**TASK GOAL:** Please give back only the lines below from the one containing "LD2 will blink four" to the one containing "5. Repeat steps", each repeated word for word, both ends included.

**DATA FOR REVIEW:**
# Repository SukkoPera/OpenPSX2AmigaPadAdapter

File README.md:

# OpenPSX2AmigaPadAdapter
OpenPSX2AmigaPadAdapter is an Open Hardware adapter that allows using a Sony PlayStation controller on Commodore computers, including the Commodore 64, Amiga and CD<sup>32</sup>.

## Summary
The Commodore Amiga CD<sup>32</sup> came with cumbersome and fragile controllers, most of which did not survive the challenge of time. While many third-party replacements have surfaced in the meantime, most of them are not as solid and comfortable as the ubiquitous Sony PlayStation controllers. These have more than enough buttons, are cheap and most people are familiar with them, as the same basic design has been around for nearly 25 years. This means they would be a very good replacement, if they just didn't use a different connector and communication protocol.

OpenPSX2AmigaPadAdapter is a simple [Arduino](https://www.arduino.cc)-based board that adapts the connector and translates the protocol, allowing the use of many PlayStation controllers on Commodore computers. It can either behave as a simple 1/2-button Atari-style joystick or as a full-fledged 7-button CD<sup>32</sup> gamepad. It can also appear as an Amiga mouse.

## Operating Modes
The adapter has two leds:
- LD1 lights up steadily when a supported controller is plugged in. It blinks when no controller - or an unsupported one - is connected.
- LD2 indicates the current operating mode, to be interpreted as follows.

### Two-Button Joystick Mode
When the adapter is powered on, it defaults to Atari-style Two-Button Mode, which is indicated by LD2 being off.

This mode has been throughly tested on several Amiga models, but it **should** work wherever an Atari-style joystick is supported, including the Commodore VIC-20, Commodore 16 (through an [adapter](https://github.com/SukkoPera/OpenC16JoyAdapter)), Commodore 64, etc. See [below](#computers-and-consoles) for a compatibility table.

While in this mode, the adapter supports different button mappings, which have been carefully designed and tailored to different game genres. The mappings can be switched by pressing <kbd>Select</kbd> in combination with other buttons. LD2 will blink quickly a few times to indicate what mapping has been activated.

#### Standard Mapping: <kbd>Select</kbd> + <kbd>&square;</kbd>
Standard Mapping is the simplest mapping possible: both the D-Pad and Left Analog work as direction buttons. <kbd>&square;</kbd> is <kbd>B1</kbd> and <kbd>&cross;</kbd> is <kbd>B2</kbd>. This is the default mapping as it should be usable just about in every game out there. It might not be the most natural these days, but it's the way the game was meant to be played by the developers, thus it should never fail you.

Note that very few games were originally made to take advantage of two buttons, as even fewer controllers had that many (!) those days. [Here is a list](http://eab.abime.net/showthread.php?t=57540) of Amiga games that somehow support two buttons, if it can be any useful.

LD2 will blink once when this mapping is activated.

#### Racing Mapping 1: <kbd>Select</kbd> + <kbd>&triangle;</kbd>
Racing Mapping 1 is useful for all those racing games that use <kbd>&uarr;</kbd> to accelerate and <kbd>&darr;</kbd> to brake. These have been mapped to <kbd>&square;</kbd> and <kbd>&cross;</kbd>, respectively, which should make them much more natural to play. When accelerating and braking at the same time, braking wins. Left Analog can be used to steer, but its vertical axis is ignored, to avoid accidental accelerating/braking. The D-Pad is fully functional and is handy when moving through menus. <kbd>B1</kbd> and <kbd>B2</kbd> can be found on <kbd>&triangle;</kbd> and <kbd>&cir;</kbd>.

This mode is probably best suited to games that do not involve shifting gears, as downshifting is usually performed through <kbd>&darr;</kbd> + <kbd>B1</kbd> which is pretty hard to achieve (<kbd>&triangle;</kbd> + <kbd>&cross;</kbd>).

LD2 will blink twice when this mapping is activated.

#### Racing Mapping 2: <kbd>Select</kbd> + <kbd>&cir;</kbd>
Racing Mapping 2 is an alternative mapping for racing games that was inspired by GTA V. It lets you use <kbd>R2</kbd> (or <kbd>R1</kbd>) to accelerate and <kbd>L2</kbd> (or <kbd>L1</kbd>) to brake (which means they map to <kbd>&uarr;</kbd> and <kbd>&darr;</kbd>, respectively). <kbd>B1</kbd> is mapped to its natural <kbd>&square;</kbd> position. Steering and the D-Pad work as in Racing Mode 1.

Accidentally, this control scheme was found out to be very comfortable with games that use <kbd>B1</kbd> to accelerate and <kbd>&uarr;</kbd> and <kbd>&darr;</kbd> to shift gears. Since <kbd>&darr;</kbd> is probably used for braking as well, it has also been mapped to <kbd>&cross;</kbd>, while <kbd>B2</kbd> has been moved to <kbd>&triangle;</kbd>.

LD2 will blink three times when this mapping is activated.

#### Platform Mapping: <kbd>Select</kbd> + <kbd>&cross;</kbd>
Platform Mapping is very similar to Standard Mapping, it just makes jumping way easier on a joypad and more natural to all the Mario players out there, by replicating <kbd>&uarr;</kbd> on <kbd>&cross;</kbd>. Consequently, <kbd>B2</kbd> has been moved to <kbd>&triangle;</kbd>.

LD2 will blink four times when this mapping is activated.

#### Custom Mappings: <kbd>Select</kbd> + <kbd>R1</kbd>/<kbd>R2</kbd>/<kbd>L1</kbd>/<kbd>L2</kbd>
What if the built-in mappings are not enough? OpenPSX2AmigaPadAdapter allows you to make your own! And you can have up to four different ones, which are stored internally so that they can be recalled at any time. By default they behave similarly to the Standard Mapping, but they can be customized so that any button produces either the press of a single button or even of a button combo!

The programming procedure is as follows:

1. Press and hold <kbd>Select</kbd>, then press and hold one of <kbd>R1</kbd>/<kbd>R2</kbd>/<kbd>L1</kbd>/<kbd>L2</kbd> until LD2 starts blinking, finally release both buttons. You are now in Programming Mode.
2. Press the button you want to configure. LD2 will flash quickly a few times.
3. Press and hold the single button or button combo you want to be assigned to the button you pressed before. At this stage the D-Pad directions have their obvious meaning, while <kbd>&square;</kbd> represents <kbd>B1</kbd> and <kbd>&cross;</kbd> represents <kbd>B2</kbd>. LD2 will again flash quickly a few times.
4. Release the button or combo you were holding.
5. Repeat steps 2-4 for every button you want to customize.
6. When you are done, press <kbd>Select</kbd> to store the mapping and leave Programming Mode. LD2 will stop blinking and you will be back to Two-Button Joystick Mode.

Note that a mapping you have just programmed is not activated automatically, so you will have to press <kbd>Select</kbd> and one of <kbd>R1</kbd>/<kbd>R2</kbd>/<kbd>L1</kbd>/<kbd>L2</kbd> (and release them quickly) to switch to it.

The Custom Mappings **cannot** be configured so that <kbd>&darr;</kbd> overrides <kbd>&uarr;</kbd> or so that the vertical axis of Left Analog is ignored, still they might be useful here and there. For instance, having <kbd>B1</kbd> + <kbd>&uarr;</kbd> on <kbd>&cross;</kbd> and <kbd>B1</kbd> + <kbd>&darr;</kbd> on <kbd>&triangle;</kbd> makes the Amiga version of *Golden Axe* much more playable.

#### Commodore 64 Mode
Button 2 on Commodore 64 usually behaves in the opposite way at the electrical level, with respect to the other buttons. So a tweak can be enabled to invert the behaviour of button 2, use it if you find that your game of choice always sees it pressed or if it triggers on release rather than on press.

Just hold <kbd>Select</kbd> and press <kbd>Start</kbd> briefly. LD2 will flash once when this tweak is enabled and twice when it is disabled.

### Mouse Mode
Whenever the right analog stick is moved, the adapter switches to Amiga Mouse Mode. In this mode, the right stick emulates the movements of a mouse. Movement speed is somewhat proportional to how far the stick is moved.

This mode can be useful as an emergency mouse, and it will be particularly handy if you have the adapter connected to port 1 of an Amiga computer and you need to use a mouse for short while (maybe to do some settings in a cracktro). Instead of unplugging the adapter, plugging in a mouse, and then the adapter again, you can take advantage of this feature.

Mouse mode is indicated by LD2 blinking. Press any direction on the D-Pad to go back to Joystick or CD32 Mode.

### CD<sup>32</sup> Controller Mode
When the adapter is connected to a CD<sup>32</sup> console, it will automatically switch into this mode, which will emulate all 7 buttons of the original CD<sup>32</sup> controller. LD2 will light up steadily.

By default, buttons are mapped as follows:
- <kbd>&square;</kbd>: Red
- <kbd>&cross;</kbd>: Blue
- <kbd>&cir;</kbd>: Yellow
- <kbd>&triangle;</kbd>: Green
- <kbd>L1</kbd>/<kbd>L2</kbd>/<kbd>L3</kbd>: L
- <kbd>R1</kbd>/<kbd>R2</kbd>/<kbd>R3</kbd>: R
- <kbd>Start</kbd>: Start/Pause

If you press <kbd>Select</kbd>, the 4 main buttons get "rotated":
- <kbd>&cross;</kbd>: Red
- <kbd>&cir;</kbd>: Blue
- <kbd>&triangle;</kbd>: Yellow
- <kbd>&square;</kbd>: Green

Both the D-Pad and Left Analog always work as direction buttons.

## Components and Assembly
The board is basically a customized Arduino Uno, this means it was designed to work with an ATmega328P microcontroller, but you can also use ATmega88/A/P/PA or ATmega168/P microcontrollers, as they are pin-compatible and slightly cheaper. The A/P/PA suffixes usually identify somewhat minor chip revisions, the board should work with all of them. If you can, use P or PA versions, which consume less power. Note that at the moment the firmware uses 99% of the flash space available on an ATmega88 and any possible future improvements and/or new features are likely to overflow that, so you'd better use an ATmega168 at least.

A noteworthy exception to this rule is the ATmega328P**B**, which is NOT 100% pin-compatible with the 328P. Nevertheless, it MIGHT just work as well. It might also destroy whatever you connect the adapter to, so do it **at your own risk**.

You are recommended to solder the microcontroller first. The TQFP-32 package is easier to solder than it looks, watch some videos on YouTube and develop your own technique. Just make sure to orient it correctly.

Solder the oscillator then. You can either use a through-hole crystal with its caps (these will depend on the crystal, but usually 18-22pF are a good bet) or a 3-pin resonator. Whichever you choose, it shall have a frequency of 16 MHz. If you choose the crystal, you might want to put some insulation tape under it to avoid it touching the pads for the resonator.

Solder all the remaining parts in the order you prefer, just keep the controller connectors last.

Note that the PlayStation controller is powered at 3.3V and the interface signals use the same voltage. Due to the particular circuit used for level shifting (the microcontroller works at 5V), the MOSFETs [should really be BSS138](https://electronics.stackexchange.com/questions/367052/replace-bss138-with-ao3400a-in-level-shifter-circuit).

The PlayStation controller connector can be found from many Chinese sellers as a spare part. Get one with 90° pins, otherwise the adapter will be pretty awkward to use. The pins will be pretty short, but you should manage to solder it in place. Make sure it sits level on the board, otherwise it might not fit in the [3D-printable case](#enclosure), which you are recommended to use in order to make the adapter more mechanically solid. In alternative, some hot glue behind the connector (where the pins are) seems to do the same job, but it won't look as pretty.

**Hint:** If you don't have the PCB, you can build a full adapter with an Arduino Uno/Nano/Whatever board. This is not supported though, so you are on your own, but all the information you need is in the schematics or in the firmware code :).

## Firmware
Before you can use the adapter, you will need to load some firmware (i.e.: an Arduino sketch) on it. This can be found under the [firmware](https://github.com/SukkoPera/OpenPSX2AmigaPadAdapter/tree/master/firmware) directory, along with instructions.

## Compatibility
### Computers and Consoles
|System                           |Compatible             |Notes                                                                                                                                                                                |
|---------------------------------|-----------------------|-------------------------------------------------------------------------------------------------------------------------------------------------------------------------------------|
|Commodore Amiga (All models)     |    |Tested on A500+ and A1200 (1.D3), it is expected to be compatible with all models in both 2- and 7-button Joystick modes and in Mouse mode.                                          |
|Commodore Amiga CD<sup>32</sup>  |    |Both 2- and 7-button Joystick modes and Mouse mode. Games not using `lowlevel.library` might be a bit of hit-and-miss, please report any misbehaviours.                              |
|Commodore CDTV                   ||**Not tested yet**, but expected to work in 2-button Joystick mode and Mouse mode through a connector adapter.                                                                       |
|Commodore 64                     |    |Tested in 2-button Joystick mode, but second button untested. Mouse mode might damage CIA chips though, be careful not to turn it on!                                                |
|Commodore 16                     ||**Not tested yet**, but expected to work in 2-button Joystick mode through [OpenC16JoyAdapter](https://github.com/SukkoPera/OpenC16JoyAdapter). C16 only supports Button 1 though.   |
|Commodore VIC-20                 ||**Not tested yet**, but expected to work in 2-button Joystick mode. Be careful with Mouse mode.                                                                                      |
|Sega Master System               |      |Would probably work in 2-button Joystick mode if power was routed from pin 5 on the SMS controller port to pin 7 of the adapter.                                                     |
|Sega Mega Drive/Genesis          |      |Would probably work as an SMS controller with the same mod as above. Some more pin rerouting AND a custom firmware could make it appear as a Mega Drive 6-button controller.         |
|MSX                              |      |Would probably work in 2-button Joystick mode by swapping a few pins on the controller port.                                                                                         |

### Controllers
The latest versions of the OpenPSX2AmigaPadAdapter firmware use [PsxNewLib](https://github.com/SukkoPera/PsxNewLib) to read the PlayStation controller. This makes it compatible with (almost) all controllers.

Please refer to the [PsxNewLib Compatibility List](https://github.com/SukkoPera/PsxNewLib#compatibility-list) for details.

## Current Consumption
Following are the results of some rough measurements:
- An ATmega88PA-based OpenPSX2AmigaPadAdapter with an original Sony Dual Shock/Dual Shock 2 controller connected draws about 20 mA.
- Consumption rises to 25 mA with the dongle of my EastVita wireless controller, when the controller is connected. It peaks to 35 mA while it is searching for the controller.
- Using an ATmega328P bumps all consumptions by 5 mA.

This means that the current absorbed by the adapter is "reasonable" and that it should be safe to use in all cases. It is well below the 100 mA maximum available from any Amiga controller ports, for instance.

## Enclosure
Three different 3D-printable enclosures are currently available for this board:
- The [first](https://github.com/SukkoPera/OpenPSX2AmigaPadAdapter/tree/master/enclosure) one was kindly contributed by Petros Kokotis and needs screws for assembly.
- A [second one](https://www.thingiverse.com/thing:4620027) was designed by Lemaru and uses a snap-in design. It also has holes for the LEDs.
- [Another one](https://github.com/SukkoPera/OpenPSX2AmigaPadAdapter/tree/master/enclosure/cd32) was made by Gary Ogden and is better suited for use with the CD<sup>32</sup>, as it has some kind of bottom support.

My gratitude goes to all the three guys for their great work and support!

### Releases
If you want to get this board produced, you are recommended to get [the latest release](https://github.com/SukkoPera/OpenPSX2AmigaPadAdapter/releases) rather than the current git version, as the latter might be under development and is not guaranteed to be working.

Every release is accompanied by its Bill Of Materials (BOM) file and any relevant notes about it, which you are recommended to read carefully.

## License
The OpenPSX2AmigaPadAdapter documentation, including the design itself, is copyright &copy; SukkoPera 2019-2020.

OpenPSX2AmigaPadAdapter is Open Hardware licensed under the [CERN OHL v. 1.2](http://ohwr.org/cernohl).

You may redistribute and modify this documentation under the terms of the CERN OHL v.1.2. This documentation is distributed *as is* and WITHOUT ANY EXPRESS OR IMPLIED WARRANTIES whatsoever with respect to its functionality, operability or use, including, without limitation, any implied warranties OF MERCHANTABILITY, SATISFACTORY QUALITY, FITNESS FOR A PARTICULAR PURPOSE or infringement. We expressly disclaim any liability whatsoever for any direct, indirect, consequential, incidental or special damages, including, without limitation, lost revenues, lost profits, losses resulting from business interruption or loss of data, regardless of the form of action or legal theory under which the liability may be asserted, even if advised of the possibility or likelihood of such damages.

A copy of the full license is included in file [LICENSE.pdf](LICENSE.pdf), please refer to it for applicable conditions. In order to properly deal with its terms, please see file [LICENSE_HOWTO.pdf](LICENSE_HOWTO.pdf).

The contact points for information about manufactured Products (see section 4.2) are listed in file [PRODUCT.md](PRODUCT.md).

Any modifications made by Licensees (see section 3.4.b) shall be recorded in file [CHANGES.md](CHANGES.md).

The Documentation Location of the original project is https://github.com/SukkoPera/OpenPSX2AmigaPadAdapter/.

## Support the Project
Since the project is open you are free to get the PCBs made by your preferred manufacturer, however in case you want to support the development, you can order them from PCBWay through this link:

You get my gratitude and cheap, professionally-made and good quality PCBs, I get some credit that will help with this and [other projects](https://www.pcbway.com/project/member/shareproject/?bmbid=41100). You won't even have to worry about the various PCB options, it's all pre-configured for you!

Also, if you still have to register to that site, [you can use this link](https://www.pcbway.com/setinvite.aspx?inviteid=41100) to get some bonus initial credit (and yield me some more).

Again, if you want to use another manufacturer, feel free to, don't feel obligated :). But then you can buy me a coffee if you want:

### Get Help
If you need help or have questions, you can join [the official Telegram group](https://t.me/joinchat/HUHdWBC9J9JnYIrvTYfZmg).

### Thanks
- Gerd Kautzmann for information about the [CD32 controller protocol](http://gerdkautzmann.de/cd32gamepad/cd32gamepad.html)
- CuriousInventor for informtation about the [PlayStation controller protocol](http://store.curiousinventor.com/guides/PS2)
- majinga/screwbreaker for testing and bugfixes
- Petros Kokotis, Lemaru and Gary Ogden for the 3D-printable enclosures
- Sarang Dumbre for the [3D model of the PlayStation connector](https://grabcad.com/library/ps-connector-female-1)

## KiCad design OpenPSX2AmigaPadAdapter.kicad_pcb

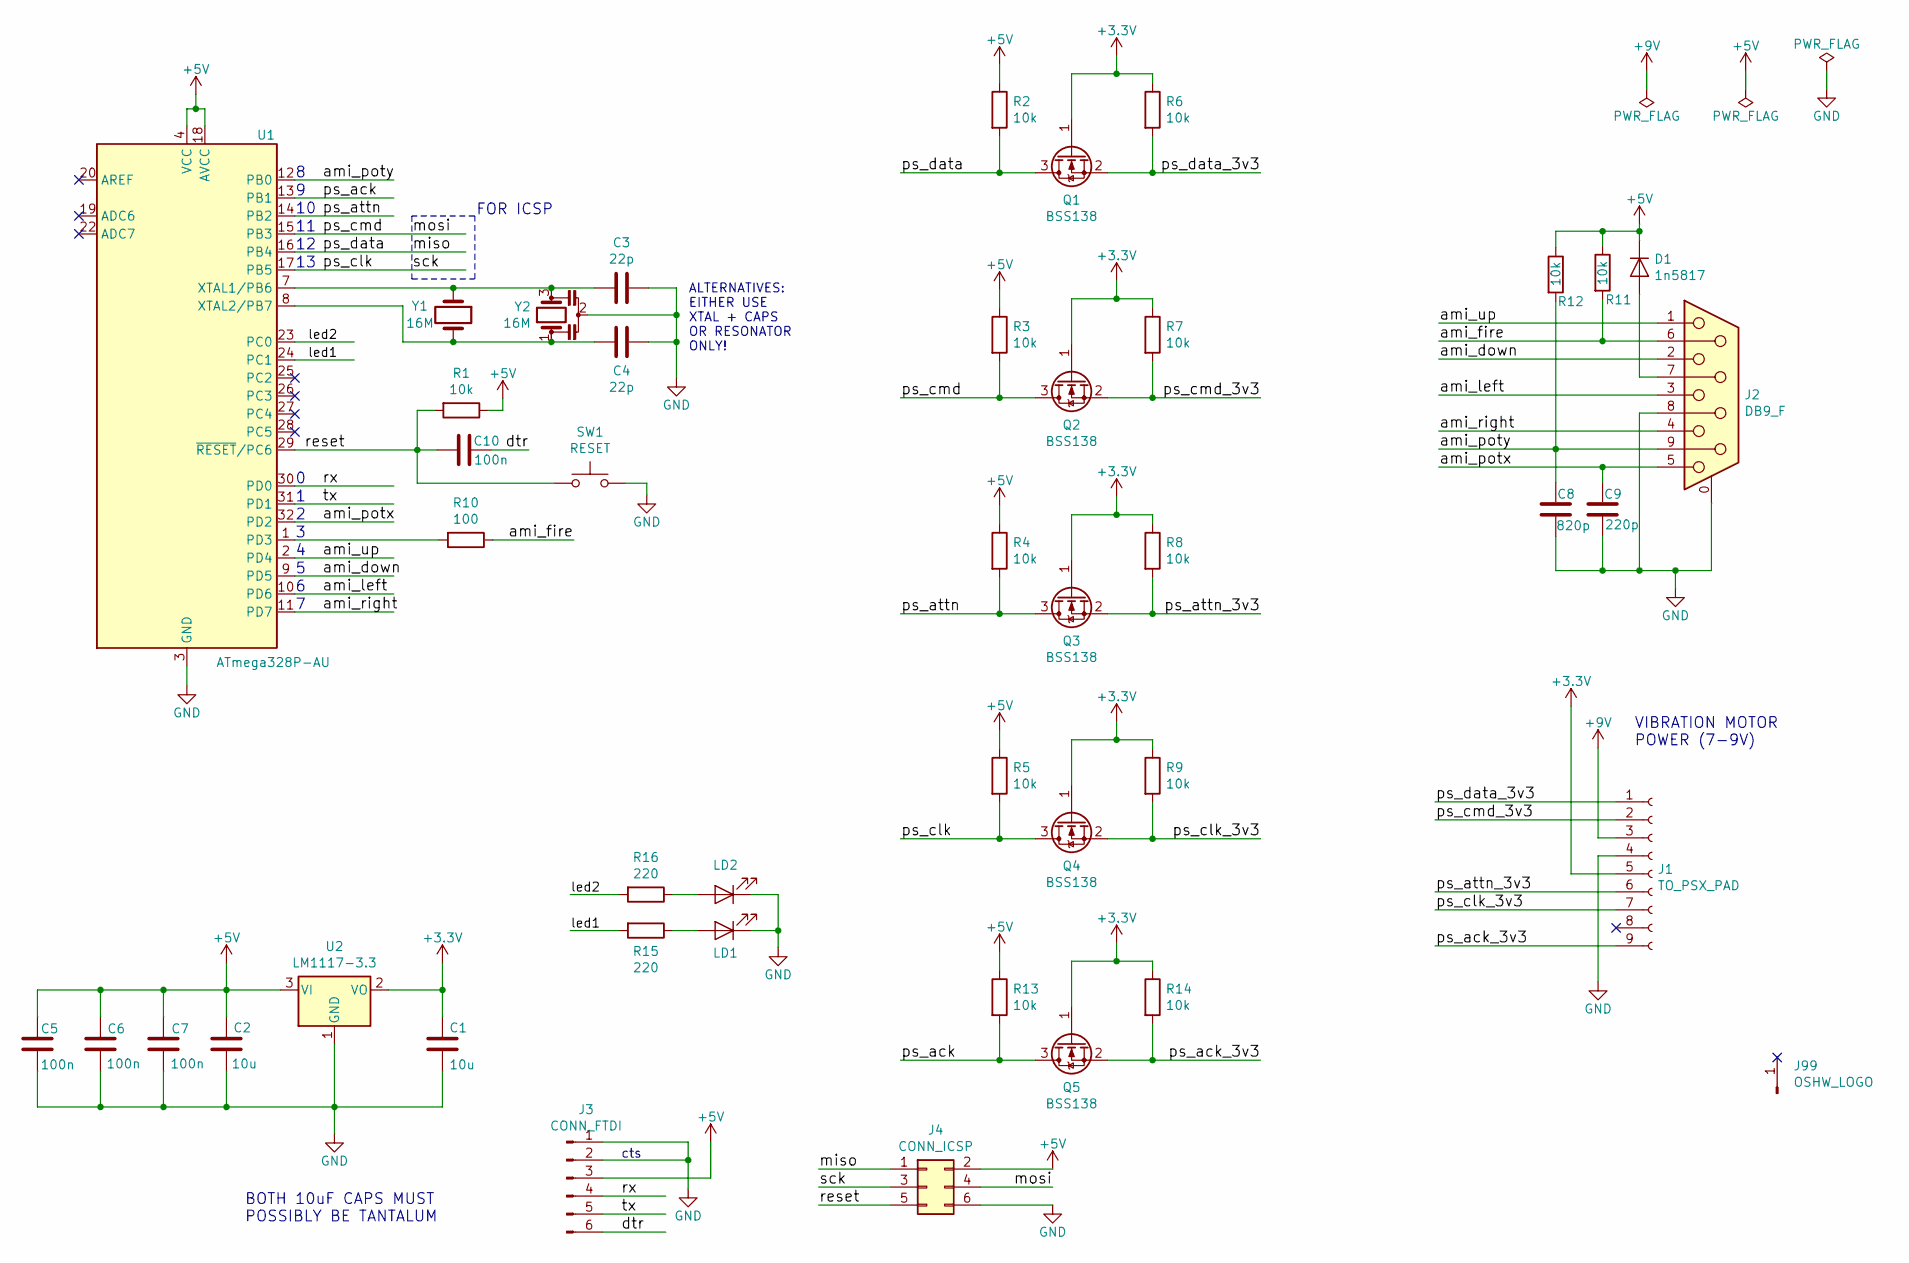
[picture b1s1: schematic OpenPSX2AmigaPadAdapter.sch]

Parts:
C1, C2: 10u; C_1206_3216Metric_Pad1.42x1.75mm_HandSolder
C3, C4: 22p; C_0805_2012Metric_Pad1.15x1.40mm_HandSolder
C5, C6, C7, C10: 100n; C_0805_2012Metric_Pad1.15x1.40mm_HandSolder
C8: 820p; C_0805_2012Metric_Pad1.15x1.40mm_HandSolder
C9: 220p; C_0805_2012Metric_Pad1.15x1.40mm_HandSolder
D1: 1n5817; D_SMA
J1: TO_PSX_PAD; PSX_Pad_Connector
J2: DB9_F; DB_9F
J3: CONN_FTDI; PinHeader_1x06_P2.54mm_Vertical
J4: CONN_ICSP; PinHeader_2x03_P2.54mm_Vertical
J99: OSHW_LOGO; OSHW-Logo_5.7x6mm_Copper
LD1, LD2: LED; LED_0805_2012Metric_Pad1.15x1.40mm_HandSolder
Q1, Q2, Q3, Q4, Q5: BSS138; SOT-23_Handsoldering
R1, R2, R3, R4, R5, R6, R7, R8, R9, R11, R12, R13, R14: 10k; R_0805_2012Metric_Pad1.15x1.40mm_HandSolder
R10: 100; R_0805_2012Metric_Pad1.15x1.40mm_HandSolder
R15, R16: 220; R_0805_2012Metric_Pad1.15x1.40mm_HandSolder
SW1: RESET
U1: ATmega328P-AU; TQFP-32_7x7mm_P0.8mm
U2: LM1117-3.3; SOT-223-3_TabPin2
Y1: 16M; Crystal_HC49-U_Vertical
Y2: 16M; Resonator_SMD_muRata_CSTxExxV

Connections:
+3V3: C1.2, J1.5, Q1.1 (G), Q2.1 (G), Q3.1 (G), Q4.1 (G), Q5.1 (G), R6.1, R7.1, R8.1, R9.1, R14.1, U2.2 (VO)
+5V: C2.2, C5.2, C6.2, C7.2, D1.1 (K), J3.3, J4.2, R1.1, R2.1, R3.1, R4.1, R5.1, R11.1, R12.1, R13.1, U1.4 (VCC), U1.6 (VCC), U1.18 (AVCC), U2.3 (VI)
/ami_down: J2.2, U1.9 (PD5)
/ami_fire: J2.6, R10.1, R11.2
/ami_left: J2.3, U1.10 (PD6)
/ami_potx: C9.1, J2.5, U1.32 (PD2)
/ami_poty: C8.1, J2.9, R12.2, U1.12 (PB0)
/ami_right: J2.4, U1.11 (PD7)
/ami_up: J2.1, U1.2 (PD4)
/dtr: C10.1, J3.6
/led1: R15.2, U1.24 (PC1)
/led2: R16.2, U1.23 (PC0)
/miso: J4.1, Q1.3 (D), R2.2, U1.16 (PB4)
/mosi: J4.4, Q2.3 (D), R3.2, U1.15 (PB3)
/ps_ack: Q5.3 (D), R13.2, U1.13 (PB1)
/ps_ack_3v3: J1.9, Q5.2 (S), R14.2
/ps_attn: Q3.3 (D), R4.2, U1.14 (PB2)
/ps_attn_3v3: J1.6, Q3.2 (S), R8.2
/ps_clk: J4.3, Q4.3 (D), R5.2, U1.17 (PB5)
/ps_clk_3v3: J1.7, Q4.2 (S), R9.2
/ps_cmd_3v3: J1.2, Q2.2 (S), R7.2
/ps_data_3v3: J1.1, Q1.2 (S), R6.2
/reset: C10.2, J4.5, R1.2, SW1.1, U1.29 (~RESET~/PC6)
/rx: J3.4, U1.30 (PD0)
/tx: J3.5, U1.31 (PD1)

**SOLUTION TO THIS TASK:**
LD2 will blink four times when this mapping is activated.

#### Custom Mappings: <kbd>Select</kbd> + <kbd>R1</kbd>/<kbd>R2</kbd>/<kbd>L1</kbd>/<kbd>L2</kbd>
What if the built-in mappings are not enough? OpenPSX2AmigaPadAdapter allows you to make your own! And you can have up to four different ones, which are stored internally so that they can be recalled at any time. By default they behave similarly to the Standard Mapping, but they can be customized so that any button produces either the press of a single button or even of a button combo!

The programming procedure is as follows:

1. Press and hold <kbd>Select</kbd>, then press and hold one of <kbd>R1</kbd>/<kbd>R2</kbd>/<kbd>L1</kbd>/<kbd>L2</kbd> until LD2 starts blinking, finally release both buttons. You are now in Programming Mode.
2. Press the button you want to configure. LD2 will flash quickly a few times.
3. Press and hold the single button or button combo you want to be assigned to the button you pressed before. At this stage the D-Pad directions have their obvious meaning, while <kbd>&square;</kbd> represents <kbd>B1</kbd> and <kbd>&cross;</kbd> represents <kbd>B2</kbd>. LD2 will again flash quickly a few times.
4. Release the button or combo you were holding.
5. Repeat steps 2-4 for every button you want to customize.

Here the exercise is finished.